Data for analysis section start

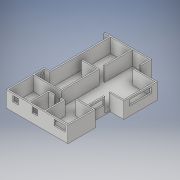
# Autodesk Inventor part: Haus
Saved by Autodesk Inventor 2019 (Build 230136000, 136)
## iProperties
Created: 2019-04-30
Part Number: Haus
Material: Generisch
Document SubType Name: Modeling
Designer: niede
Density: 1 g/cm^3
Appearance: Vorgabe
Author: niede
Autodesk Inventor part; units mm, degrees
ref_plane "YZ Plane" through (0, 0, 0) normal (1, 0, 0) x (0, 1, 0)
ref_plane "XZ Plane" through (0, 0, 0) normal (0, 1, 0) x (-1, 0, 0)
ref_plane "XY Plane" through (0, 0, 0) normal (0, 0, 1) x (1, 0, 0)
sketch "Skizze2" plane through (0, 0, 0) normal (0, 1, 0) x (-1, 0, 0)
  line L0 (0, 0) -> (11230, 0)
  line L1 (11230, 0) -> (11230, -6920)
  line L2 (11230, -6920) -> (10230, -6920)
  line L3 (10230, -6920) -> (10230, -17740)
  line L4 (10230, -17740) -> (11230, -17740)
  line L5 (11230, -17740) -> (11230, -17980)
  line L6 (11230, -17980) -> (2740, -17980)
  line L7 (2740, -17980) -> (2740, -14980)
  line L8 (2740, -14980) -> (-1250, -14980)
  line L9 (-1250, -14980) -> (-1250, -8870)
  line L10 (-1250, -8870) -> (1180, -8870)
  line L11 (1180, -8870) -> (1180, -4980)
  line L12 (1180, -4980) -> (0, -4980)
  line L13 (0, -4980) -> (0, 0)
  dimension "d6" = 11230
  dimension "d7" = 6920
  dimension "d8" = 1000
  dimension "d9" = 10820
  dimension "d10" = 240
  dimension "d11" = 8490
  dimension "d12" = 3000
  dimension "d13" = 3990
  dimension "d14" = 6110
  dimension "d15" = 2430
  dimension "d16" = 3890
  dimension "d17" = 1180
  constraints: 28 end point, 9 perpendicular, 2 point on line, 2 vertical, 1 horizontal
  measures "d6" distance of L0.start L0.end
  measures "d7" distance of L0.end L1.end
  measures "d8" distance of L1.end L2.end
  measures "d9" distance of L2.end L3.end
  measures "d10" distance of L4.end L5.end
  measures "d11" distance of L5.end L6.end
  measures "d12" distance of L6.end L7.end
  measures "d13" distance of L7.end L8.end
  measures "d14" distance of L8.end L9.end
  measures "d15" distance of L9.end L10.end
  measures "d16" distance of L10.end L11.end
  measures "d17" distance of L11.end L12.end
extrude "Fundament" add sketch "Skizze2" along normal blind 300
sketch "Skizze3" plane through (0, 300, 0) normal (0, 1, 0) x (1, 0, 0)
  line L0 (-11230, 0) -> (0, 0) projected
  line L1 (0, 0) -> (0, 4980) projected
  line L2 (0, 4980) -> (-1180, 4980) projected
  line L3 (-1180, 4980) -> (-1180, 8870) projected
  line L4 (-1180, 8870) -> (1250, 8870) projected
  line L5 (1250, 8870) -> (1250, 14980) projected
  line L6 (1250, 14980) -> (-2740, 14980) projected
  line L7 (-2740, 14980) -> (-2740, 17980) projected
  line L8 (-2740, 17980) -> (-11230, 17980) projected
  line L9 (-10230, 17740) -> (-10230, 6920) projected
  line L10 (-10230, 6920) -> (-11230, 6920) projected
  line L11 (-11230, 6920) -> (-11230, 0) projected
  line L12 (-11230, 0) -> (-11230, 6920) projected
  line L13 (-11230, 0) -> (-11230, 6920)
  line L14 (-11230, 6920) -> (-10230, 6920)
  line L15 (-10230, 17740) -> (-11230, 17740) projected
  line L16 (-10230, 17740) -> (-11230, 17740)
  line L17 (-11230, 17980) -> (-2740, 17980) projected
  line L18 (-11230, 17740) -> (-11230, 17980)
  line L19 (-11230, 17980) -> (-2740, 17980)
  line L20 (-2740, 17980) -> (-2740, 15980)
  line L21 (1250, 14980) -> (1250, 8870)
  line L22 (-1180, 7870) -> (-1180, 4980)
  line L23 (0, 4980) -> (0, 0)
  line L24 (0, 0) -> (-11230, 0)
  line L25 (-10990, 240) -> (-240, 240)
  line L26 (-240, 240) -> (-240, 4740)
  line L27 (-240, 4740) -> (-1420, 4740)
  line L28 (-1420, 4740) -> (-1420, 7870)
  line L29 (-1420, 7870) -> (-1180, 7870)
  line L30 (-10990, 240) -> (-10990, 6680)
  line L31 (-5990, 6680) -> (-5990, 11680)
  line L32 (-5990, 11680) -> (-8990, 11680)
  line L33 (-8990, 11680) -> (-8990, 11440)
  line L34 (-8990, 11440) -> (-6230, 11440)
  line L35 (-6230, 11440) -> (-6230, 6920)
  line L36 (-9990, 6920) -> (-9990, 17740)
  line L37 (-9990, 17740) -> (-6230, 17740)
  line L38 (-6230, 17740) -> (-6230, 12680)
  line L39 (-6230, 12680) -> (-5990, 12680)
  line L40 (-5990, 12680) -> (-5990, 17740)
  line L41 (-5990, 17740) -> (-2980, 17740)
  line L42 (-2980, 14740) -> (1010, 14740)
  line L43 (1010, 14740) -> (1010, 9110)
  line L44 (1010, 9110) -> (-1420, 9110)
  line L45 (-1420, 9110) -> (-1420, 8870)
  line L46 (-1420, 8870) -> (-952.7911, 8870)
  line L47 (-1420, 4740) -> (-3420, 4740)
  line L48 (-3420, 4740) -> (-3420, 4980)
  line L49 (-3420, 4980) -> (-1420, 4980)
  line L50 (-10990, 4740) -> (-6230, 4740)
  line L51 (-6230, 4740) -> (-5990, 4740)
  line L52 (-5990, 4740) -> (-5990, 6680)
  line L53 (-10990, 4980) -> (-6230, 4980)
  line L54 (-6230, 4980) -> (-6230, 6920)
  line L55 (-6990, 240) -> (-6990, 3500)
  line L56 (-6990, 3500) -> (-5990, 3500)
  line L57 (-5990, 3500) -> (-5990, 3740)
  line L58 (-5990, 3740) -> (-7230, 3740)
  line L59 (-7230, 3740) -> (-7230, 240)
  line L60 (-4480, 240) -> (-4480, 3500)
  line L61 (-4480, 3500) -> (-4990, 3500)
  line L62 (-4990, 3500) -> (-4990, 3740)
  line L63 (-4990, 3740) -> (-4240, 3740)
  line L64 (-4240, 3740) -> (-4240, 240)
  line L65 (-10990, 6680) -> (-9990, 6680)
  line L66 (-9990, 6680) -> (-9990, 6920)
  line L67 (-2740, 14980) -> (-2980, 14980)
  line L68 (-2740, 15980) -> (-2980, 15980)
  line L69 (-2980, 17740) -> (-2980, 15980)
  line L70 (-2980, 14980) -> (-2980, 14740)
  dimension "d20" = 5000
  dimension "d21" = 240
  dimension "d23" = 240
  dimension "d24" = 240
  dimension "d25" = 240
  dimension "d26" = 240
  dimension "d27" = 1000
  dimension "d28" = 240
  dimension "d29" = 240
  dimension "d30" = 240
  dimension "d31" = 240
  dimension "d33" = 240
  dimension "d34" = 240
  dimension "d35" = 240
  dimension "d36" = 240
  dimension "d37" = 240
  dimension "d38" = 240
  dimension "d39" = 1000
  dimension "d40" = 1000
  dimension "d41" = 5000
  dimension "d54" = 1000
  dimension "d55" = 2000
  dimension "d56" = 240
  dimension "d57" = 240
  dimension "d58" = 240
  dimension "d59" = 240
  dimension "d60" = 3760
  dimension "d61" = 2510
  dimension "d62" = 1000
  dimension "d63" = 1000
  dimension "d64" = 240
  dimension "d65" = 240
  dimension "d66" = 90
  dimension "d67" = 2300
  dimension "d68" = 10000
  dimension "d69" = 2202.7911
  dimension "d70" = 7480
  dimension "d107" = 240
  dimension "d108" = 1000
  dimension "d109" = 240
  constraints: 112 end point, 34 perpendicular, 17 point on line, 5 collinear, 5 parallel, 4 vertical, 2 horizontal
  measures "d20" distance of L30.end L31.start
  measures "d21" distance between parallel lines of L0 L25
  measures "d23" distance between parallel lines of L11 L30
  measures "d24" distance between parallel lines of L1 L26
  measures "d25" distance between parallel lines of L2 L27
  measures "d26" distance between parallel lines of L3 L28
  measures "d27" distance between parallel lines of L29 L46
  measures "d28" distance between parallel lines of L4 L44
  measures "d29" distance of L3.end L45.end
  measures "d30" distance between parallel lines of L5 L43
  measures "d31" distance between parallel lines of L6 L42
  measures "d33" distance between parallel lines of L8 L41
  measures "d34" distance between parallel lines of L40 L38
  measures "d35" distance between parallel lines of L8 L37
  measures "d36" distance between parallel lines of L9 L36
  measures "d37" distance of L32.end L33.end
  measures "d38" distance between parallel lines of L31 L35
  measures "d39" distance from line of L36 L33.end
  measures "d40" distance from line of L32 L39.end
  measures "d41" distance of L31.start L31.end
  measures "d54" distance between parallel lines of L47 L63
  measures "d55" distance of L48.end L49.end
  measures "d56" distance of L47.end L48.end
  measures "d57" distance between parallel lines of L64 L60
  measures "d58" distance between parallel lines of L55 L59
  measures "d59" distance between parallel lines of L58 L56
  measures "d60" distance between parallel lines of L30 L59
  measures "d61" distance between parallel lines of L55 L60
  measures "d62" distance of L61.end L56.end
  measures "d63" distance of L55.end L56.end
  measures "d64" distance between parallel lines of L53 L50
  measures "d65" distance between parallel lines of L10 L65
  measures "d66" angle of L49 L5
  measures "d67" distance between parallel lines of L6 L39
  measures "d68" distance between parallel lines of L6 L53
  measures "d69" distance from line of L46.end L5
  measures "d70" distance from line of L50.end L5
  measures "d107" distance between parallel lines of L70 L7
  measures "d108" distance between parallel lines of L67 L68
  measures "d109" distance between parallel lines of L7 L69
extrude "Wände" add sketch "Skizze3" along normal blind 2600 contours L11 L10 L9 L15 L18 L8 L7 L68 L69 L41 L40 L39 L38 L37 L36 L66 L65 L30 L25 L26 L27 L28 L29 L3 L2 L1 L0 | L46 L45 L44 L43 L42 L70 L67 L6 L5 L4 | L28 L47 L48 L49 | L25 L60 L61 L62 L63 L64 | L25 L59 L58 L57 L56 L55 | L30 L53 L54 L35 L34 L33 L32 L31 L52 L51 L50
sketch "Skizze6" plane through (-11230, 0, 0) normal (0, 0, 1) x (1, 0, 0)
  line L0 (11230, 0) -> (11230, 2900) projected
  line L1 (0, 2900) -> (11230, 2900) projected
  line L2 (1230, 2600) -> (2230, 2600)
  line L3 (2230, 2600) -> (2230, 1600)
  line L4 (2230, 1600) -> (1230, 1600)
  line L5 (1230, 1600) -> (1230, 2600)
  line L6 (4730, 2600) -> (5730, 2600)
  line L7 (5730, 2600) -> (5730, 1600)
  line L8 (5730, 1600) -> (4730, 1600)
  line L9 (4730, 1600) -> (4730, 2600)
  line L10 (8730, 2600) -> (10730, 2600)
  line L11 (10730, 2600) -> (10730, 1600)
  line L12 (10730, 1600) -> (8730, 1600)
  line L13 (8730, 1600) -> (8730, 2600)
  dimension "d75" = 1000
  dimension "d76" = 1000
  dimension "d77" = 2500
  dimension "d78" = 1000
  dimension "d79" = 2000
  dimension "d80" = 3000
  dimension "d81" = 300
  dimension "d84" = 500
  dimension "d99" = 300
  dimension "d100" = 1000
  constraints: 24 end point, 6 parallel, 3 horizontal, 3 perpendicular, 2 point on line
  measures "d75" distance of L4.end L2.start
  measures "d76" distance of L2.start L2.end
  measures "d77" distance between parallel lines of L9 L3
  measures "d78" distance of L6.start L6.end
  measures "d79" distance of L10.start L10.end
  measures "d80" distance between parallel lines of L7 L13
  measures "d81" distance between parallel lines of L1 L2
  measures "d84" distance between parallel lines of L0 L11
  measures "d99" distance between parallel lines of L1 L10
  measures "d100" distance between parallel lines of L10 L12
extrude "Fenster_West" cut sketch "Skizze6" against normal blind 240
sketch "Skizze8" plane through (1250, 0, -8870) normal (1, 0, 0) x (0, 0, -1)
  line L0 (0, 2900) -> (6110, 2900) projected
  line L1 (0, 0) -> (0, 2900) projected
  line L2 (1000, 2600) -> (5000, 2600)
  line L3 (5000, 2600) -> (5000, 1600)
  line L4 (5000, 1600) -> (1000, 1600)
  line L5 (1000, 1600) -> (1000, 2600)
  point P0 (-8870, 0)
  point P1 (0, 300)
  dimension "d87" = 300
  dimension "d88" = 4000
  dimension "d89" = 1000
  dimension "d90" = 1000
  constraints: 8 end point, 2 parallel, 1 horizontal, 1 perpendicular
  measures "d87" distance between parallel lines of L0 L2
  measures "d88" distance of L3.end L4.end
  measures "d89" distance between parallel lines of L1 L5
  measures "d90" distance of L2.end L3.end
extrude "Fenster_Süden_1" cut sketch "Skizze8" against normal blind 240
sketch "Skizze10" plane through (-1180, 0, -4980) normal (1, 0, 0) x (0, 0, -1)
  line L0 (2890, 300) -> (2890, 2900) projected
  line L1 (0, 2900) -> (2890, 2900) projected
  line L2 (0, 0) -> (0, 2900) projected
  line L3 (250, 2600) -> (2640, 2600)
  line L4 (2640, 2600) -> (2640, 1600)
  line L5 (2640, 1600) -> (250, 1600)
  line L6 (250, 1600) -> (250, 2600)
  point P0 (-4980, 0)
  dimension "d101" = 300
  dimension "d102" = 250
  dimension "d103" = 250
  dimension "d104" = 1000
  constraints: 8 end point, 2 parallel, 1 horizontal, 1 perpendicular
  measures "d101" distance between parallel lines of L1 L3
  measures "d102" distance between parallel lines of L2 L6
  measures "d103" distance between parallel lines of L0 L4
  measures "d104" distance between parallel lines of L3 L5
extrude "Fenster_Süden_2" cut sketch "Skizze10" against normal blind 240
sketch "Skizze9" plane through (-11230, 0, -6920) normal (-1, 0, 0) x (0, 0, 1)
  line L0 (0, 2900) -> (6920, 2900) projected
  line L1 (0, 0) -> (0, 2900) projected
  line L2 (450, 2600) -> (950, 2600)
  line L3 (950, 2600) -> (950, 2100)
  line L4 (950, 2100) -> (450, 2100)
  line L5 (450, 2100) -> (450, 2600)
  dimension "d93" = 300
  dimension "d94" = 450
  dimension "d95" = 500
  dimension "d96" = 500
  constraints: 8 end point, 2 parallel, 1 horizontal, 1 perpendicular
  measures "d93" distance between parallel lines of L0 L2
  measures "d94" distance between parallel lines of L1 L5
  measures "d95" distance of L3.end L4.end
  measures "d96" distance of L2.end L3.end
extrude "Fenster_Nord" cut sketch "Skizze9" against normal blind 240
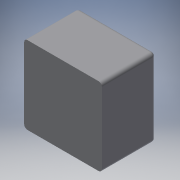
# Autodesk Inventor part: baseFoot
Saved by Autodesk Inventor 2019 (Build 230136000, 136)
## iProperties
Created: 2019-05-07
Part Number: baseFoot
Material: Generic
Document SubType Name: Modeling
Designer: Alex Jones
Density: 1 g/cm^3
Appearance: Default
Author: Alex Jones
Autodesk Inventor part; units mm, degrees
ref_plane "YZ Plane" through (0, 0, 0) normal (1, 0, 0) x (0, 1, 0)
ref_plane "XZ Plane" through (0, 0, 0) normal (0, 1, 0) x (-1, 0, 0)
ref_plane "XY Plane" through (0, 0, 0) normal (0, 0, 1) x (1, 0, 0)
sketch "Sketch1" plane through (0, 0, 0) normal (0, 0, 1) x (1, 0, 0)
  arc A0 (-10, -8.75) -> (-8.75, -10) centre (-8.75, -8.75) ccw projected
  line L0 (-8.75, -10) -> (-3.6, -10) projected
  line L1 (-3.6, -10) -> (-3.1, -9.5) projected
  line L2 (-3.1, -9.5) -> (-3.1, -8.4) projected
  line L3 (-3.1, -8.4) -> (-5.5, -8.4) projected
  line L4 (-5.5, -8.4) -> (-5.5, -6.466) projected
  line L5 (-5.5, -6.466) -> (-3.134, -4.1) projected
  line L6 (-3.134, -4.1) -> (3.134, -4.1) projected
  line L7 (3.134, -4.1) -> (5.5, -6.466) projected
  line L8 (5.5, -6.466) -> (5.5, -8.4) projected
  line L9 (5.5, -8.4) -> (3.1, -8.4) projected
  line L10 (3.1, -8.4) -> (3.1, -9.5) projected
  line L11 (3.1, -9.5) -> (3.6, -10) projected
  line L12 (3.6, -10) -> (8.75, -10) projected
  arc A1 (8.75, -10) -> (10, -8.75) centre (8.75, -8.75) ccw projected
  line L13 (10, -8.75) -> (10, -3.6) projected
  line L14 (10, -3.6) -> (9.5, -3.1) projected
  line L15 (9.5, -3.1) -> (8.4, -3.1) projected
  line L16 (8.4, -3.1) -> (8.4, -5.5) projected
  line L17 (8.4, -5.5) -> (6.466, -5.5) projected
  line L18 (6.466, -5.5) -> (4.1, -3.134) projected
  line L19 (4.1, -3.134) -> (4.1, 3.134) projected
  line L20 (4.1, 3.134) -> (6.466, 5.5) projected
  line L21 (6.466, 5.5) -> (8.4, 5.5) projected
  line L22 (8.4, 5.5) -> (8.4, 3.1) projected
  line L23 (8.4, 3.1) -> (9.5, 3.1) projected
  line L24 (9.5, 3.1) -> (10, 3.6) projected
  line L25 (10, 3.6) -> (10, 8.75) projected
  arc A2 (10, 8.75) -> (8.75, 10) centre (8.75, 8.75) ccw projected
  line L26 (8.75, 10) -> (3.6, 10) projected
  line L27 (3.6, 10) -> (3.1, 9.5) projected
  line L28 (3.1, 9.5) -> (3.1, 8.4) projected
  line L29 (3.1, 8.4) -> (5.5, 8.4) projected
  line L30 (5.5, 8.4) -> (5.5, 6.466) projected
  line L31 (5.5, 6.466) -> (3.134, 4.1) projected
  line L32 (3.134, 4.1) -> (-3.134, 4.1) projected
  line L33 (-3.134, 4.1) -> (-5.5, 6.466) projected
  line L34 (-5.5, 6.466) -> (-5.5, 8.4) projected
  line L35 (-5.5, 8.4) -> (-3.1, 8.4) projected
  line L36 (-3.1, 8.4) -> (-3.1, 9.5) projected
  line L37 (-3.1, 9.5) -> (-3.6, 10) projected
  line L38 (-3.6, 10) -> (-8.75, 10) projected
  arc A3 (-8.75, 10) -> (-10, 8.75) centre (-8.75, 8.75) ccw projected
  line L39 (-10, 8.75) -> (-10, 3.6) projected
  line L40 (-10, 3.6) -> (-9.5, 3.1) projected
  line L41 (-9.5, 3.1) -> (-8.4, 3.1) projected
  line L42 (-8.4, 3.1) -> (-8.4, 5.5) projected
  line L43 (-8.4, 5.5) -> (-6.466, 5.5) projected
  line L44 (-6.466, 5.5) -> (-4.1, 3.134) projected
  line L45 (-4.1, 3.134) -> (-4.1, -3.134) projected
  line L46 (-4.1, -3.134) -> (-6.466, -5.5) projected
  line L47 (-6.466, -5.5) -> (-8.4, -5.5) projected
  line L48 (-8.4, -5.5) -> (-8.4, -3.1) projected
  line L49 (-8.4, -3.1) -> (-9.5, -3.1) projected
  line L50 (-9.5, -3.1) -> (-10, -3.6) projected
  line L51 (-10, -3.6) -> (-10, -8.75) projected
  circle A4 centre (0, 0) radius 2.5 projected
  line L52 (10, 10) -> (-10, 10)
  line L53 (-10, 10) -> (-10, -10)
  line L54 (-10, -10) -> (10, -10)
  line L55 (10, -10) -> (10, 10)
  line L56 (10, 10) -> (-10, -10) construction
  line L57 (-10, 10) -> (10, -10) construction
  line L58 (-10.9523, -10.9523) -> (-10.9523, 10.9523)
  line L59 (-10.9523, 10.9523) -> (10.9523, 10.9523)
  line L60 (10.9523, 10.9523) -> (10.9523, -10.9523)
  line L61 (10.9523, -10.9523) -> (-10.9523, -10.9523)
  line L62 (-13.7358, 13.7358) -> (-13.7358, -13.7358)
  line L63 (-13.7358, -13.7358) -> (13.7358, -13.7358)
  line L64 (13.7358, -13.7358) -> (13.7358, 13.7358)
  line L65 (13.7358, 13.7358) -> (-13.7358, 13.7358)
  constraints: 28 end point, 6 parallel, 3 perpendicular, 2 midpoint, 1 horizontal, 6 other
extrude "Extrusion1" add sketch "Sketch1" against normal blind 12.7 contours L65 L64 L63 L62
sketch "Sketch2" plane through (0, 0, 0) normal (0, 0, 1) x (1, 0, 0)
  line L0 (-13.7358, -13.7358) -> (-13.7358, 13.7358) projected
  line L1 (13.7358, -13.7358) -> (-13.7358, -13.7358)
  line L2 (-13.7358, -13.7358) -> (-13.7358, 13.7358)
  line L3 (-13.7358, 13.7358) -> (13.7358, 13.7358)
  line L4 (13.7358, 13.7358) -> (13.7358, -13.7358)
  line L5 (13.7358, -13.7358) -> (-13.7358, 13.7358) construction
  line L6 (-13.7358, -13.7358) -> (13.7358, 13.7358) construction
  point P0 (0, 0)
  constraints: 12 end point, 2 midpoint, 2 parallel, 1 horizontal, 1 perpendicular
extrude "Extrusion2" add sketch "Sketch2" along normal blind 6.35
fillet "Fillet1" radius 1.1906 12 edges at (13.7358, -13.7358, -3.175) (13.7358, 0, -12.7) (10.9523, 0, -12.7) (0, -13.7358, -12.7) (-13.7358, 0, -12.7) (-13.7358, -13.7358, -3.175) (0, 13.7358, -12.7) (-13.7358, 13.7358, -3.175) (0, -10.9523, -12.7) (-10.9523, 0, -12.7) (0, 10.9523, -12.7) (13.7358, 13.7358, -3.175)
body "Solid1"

Data for analysis section end

**Work instruction:**
Using the entries above, return exactly the lines from the line with "line L3 (10230, -6920) -> (10230, -17740)" to the line with "of L5.end L6.end", counting both of those lines.

**Exercise output:**
  line L3 (10230, -6920) -> (10230, -17740)
  line L4 (10230, -17740) -> (11230, -17740)
  line L5 (11230, -17740) -> (11230, -17980)
  line L6 (11230, -17980) -> (2740, -17980)
  line L7 (2740, -17980) -> (2740, -14980)
  line L8 (2740, -14980) -> (-1250, -14980)
  line L9 (-1250, -14980) -> (-1250, -8870)
  line L10 (-1250, -8870) -> (1180, -8870)
  line L11 (1180, -8870) -> (1180, -4980)
  line L12 (1180, -4980) -> (0, -4980)
  line L13 (0, -4980) -> (0, 0)
  dimension "d6" = 11230
  dimension "d7" = 6920
  dimension "d8" = 1000
  dimension "d9" = 10820
  dimension "d10" = 240
  dimension "d11" = 8490
  dimension "d12" = 3000
  dimension "d13" = 3990
  dimension "d14" = 6110
  dimension "d15" = 2430
  dimension "d16" = 3890
  dimension "d17" = 1180
  constraints: 28 end point, 9 perpendicular, 2 point on line, 2 vertical, 1 horizontal
  measures "d6" distance of L0.start L0.end
  measures "d7" distance of L0.end L1.end
  measures "d8" distance of L1.end L2.end
  measures "d9" distance of L2.end L3.end
  measures "d10" distance of L4.end L5.end
  measures "d11" distance of L5.end L6.end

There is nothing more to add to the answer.